## TASK DETAILS
Among the entries below, find the lines with "VECTOR" and copy them.

## EXTRACTED MATERIAL

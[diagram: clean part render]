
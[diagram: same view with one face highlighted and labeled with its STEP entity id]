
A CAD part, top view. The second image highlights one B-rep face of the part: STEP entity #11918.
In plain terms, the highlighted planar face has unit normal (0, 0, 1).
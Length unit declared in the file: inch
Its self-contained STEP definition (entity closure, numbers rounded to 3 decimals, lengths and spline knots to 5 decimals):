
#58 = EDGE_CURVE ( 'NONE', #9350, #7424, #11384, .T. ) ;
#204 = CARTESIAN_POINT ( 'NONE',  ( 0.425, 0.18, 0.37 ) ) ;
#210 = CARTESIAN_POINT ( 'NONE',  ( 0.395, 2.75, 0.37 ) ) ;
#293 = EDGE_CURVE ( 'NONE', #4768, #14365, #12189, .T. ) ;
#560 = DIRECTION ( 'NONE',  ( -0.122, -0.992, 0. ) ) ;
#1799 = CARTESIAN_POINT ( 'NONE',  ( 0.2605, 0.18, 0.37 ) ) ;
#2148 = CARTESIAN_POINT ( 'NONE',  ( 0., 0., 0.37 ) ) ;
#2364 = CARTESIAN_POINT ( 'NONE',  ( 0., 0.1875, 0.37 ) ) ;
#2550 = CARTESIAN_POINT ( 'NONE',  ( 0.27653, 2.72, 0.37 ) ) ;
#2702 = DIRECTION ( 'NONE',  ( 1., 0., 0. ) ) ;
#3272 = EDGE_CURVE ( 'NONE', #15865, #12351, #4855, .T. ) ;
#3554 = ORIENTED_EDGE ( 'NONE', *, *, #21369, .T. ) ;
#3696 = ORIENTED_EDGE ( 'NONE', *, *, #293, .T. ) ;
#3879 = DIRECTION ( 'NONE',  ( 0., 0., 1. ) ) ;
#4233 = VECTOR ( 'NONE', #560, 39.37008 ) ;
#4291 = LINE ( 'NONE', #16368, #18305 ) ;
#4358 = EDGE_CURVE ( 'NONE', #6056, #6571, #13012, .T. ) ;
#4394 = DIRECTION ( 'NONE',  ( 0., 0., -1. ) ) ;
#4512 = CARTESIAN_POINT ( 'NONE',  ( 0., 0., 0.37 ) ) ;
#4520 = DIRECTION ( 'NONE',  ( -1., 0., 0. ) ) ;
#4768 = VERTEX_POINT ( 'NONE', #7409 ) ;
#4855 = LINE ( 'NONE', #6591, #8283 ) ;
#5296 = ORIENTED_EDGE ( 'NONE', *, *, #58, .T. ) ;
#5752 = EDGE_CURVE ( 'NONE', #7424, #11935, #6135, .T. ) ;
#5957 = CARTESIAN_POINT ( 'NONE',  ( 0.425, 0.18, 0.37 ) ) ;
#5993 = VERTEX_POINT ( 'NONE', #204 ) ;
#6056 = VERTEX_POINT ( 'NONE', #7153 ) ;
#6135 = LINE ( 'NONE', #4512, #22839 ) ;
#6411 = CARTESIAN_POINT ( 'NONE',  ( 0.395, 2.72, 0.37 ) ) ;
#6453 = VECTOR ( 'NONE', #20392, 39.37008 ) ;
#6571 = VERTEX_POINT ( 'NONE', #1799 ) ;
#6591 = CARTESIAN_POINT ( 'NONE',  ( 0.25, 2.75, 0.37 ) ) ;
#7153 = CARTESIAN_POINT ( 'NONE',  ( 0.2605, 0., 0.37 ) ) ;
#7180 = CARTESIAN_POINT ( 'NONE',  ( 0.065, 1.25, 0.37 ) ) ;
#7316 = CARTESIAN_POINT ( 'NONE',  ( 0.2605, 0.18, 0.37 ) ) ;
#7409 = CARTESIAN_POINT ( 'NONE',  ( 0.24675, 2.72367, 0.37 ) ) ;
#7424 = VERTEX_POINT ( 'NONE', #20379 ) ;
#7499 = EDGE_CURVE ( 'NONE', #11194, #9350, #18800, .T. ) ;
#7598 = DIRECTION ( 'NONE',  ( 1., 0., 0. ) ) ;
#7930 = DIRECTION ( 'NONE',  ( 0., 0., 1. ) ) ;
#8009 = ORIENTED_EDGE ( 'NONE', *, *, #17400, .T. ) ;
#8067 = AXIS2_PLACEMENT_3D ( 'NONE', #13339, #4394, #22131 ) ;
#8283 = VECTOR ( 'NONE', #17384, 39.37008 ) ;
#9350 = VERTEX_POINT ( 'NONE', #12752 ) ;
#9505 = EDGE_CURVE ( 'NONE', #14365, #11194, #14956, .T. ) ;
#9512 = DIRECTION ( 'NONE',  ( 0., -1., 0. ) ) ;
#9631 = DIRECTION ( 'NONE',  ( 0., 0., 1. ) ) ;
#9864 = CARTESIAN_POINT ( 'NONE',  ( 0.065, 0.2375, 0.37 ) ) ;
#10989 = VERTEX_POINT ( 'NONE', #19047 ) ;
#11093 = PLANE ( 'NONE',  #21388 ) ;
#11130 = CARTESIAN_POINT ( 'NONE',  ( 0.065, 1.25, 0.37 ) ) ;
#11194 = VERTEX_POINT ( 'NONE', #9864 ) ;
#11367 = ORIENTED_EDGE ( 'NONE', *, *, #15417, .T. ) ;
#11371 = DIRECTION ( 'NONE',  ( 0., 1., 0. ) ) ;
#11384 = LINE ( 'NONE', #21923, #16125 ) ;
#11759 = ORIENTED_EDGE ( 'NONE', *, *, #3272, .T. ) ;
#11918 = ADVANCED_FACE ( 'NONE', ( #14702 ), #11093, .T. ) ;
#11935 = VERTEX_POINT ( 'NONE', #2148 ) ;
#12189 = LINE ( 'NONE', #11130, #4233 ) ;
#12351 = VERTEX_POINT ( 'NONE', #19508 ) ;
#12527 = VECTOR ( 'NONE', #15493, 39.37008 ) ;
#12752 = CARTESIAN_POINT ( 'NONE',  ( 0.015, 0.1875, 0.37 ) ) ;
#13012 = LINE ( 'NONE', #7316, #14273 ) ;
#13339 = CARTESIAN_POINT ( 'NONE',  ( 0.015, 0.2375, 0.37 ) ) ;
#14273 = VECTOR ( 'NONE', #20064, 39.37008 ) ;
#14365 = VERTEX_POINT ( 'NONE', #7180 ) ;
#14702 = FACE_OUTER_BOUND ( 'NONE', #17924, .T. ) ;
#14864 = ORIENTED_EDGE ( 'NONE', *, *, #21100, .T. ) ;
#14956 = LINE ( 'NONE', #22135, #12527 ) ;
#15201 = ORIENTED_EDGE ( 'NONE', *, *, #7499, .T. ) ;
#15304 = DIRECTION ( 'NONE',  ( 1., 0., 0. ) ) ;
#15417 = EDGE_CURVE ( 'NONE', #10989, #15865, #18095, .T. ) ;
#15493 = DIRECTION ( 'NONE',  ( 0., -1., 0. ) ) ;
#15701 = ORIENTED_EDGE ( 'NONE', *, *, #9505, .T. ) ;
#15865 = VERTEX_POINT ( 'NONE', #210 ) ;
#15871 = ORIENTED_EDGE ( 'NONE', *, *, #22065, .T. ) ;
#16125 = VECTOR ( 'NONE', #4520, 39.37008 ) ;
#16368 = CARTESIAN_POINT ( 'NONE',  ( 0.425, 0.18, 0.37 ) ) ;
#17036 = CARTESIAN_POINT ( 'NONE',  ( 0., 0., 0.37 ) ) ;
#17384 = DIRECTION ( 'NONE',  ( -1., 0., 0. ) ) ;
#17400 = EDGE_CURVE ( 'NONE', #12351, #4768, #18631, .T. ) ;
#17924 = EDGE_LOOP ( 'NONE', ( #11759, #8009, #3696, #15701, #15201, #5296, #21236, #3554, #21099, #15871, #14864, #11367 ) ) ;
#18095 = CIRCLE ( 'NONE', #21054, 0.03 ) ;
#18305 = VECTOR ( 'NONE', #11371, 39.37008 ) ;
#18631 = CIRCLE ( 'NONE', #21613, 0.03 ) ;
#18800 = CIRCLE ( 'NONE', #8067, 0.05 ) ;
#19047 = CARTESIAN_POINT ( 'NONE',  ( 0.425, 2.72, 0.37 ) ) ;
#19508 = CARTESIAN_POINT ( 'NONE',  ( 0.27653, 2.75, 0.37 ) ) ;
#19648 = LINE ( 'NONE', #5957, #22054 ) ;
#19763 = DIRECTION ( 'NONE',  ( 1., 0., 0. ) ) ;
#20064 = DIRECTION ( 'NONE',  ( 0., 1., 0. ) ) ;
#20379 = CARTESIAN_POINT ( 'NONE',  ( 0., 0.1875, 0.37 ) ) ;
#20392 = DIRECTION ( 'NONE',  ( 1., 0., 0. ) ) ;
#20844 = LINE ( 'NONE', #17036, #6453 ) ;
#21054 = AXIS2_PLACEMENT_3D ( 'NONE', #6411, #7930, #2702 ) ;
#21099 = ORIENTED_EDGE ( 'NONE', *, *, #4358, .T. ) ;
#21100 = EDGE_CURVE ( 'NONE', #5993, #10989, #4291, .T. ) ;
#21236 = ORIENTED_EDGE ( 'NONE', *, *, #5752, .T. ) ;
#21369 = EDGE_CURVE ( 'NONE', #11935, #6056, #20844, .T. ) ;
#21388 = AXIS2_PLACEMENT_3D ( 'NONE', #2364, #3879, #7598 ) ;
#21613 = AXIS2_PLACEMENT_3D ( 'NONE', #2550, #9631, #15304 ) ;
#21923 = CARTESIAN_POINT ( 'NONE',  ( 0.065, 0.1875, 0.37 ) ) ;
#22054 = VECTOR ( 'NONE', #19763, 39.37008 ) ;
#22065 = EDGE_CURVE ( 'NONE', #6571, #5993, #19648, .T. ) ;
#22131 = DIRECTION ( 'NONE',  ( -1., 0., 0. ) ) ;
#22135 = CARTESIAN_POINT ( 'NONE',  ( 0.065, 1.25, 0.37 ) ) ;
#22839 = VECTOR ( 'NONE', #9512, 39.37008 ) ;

## TASK SOLUTION
#4233 = VECTOR ( 'NONE', #560, 39.37008 ) ;
#6453 = VECTOR ( 'NONE', #20392, 39.37008 ) ;
#8283 = VECTOR ( 'NONE', #17384, 39.37008 ) ;
#12527 = VECTOR ( 'NONE', #15493, 39.37008 ) ;
#14273 = VECTOR ( 'NONE', #20064, 39.37008 ) ;
#16125 = VECTOR ( 'NONE', #4520, 39.37008 ) ;
#18305 = VECTOR ( 'NONE', #11371, 39.37008 ) ;
#22054 = VECTOR ( 'NONE', #19763, 39.37008 ) ;
#22839 = VECTOR ( 'NONE', #9512, 39.37008 ) ;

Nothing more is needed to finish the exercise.